##### SUPPLIED DATA #####

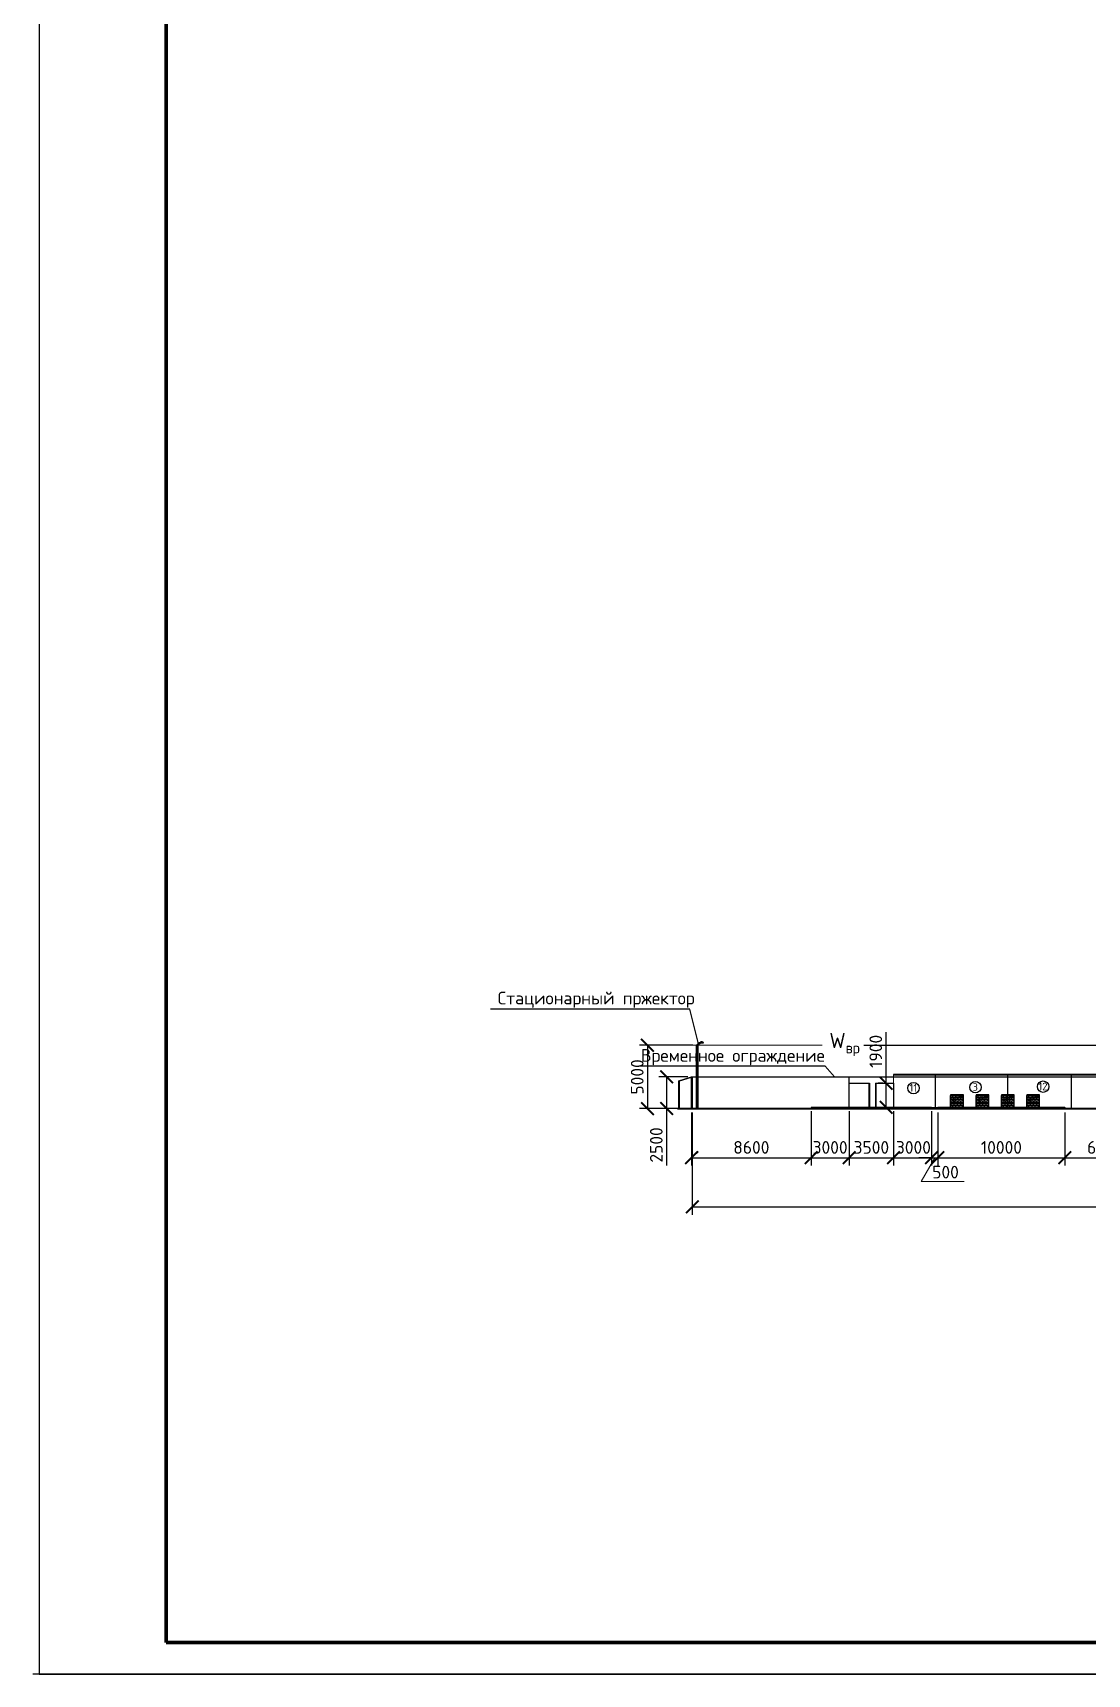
# Model space of a CAD drawing. Header units: millimetres. Extents: x -782 to 10910, y 3841 to 13237.
# Drawn here: x 2833.5 to 2999.7, y 12294 to 12552.7 of the extents above; entities that cross this region are included whole.
import ezdxf

# ---------------------------------------------------------------- set-up
doc = ezdxf.new("R2010")
doc.units = ezdxf.units.MM
doc.layers.add('1', color=7, linetype='Continuous')
doc.layers.add('Оbводка', color=1, linetype='Continuous', lineweight=90)
doc.styles.add('2.5', font='isocpeur.ttf', dxfattribs={"height": 2})
doc.styles.add('GOST-2.304_Type-B', font='GOST_Common.ttf')
doc.styles.add('Isocpeur', font='isocpeur.ttf')
doc.dimstyles.new('М500 стройгенп', dxfattribs={"dimtxt": 2, "dimasz": 2, "dimexe": 1.25, "dimexo": 0.625, "dimtad": 1, "dimlfac": 500, "dimtxsty": '2.5', "dimblk": 'ARCHTICK', "dimcen": 2.5, "dimadec": 0, "dimazin": 0, "dimtfac": 1, "dimtmove": 0, "dimatfit": 3, "dimfxl": 1, "dimarcsym": 0})

# ---------------------------------------------------------------- blocks, each defined once
blk = doc.blocks.new('_ArchTick')
at = {"color": 0, "linetype": 'ByBlock', "const_width": 0.15}
blk.add_lwpolyline([(-0.5, -0.5), (0.5, 0.5)], dxfattribs=at)
blk = doc.blocks.new('*D927')
at = {"color": 0, "lineweight": -2, "transparency": 16777216}
for p, q in [((2936.76, 12388.15), (2932.19, 12388.15)), ((2933.44, 12388.15), (2933.44, 12383.15)), ((2936.76, 12383.15), (2932.19, 12383.15)), ((2933.44, 12383.15), (2933.44, 12374.2))]:
    blk.add_line(p, q, dxfattribs=at)
at = {"layer": 'Defpoints', "color": 0, "lineweight": -3, "transparency": 16777216}
for p in [(2933.44, 12388.15), (2937.38, 12388.15), (2937.38, 12383.15)]:
    blk.add_point(p, dxfattribs=at)
at = {"color": 0, "lineweight": -2, "transparency": 16777216, "xscale": 2, "yscale": 2, "zscale": 2}
for p, rotation in [((2933.44, 12388.15), 90), ((2933.44, 12383.15), 270)]:
    blk.add_blockref('_ArchTick', p, dxfattribs=dict(at, rotation=rotation))
at = {"color": 0, "lineweight": 20, "transparency": 16777216, "insert": (2931.81, 12377.43), "char_height": 2, "attachment_point": 5, "rotation": 90, "style": '2.5'}
blk.add_mtext('2500', dxfattribs=at)
blk = doc.blocks.new('*D928')
at = {"color": 0, "lineweight": -2, "transparency": 16777216}
for p, q in [((2937.58, 12393.15), (2929.17, 12393.15)), ((2930.42, 12393.15), (2930.42, 12383.15)), ((2937.69, 12383.15), (2929.17, 12383.15))]:
    blk.add_line(p, q, dxfattribs=at)
at = {"layer": 'Defpoints', "color": 0, "lineweight": -3, "transparency": 16777216}
for p in [(2938.21, 12393.15), (2930.42, 12383.15), (2938.31, 12383.15)]:
    blk.add_point(p, dxfattribs=at)
at = {"color": 0, "lineweight": -2, "transparency": 16777216, "xscale": 2, "yscale": 2, "zscale": 2}
for p, rotation in [((2930.42, 12393.15), 90), ((2930.42, 12383.15), 270)]:
    blk.add_blockref('_ArchTick', p, dxfattribs=dict(at, rotation=rotation))
at = {"color": 0, "lineweight": 20, "transparency": 16777216, "insert": (2928.8, 12388.15), "char_height": 2, "attachment_point": 5, "rotation": 90, "style": '2.5'}
blk.add_mtext('5000', dxfattribs=at)
blk = doc.blocks.new('*D929')
at = {"color": 0, "lineweight": -2, "transparency": 16777216}
for p, q in [((2962.2, 12382.53), (2962.2, 12374.17)), ((2969.2, 12382.73), (2969.2, 12374.17)), ((2962.2, 12375.42), (2969.2, 12375.42))]:
    blk.add_line(p, q, dxfattribs=at)
at = {"layer": 'Defpoints', "color": 0, "lineweight": -3, "transparency": 16777216}
for p in [(2969.2, 12383.35), (2962.2, 12383.15), (2969.2, 12375.42)]:
    blk.add_point(p, dxfattribs=at)
at = {"color": 0, "lineweight": -2, "transparency": 16777216, "xscale": 2, "yscale": 2, "zscale": 2, "rotation": 180}
blk.add_blockref('_ArchTick', (2962.2, 12375.42), dxfattribs=at)
at = {"color": 0, "lineweight": -2, "transparency": 16777216, "xscale": 2, "yscale": 2, "zscale": 2}
blk.add_blockref('_ArchTick', (2969.2, 12375.42), dxfattribs=at)
at = {"color": 0, "lineweight": 20, "transparency": 16777216, "insert": (2965.7, 12377.04), "char_height": 2, "attachment_point": 5, "style": '2.5'}
blk.add_mtext('3500', dxfattribs=at)
blk = doc.blocks.new('*D930')
at = {"color": 0, "lineweight": -2, "transparency": 16777216}
for p, q in [((2969.2, 12382.73), (2969.2, 12374.17)), ((2975.2, 12382.73), (2975.2, 12374.17)), ((2969.2, 12375.42), (2975.2, 12375.42))]:
    blk.add_line(p, q, dxfattribs=at)
at = {"layer": 'Defpoints', "color": 0, "lineweight": -3, "transparency": 16777216}
for p in [(2969.2, 12383.35), (2975.2, 12383.35), (2975.2, 12375.42)]:
    blk.add_point(p, dxfattribs=at)
at = {"color": 0, "lineweight": -2, "transparency": 16777216, "xscale": 2, "yscale": 2, "zscale": 2, "rotation": 180}
blk.add_blockref('_ArchTick', (2969.2, 12375.42), dxfattribs=at)
at = {"color": 0, "lineweight": -2, "transparency": 16777216, "xscale": 2, "yscale": 2, "zscale": 2}
blk.add_blockref('_ArchTick', (2975.2, 12375.42), dxfattribs=at)
at = {"color": 0, "lineweight": 20, "transparency": 16777216, "insert": (2972.33, 12377.04), "char_height": 2, "attachment_point": 5, "style": '2.5'}
blk.add_mtext('3000', dxfattribs=at)
blk = doc.blocks.new('*D931')
at = {"color": 0, "lineweight": -2, "transparency": 16777216}
for p, q in [((2975.2, 12382.53), (2975.2, 12374.17)), ((2976.2, 12382.53), (2976.2, 12374.17)), ((2975.2, 12375.42), (2973.2, 12375.42)), ((2975.2, 12375.42), (2976.2, 12375.42)), ((2976.2, 12375.42), (2978.2, 12375.42))]:
    blk.add_line(p, q, dxfattribs=at)
at = {"layer": 'Defpoints', "color": 0, "lineweight": -3, "transparency": 16777216}
for p in [(2975.2, 12383.15), (2976.2, 12383.15), (2976.2, 12375.42)]:
    blk.add_point(p, dxfattribs=at)
at = {"color": 0, "lineweight": -2, "transparency": 16777216, "xscale": 2, "yscale": 2, "zscale": 2}
blk.add_blockref('_ArchTick', (2975.2, 12375.42), dxfattribs=at)
at = {"color": 0, "lineweight": -2, "transparency": 16777216, "xscale": 2, "yscale": 2, "zscale": 2, "rotation": 180}
blk.add_blockref('_ArchTick', (2976.2, 12375.42), dxfattribs=at)
at = {"color": 0, "lineweight": 20, "transparency": 16777216, "insert": (2977.39, 12373.14), "char_height": 2, "attachment_point": 5, "style": '2.5'}
blk.add_mtext('500', dxfattribs=at)
blk = doc.blocks.new('*D932')
at = {"color": 0, "lineweight": -2, "transparency": 16777216}
for p, q in [((2976.2, 12382.53), (2976.2, 12374.17)), ((2996.2, 12382.53), (2996.2, 12374.17)), ((2976.2, 12375.42), (2996.2, 12375.42))]:
    blk.add_line(p, q, dxfattribs=at)
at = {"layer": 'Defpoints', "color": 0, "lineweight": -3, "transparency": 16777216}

#####

GOAL OF THE EXERCISE ::
Isolate the lines above that contain the word "isocpeur" and copy them.

ANSWER TO THIS TASK ::
doc.styles.add('2.5', font='isocpeur.ttf', dxfattribs={"height": 2})
doc.styles.add('Isocpeur', font='isocpeur.ttf')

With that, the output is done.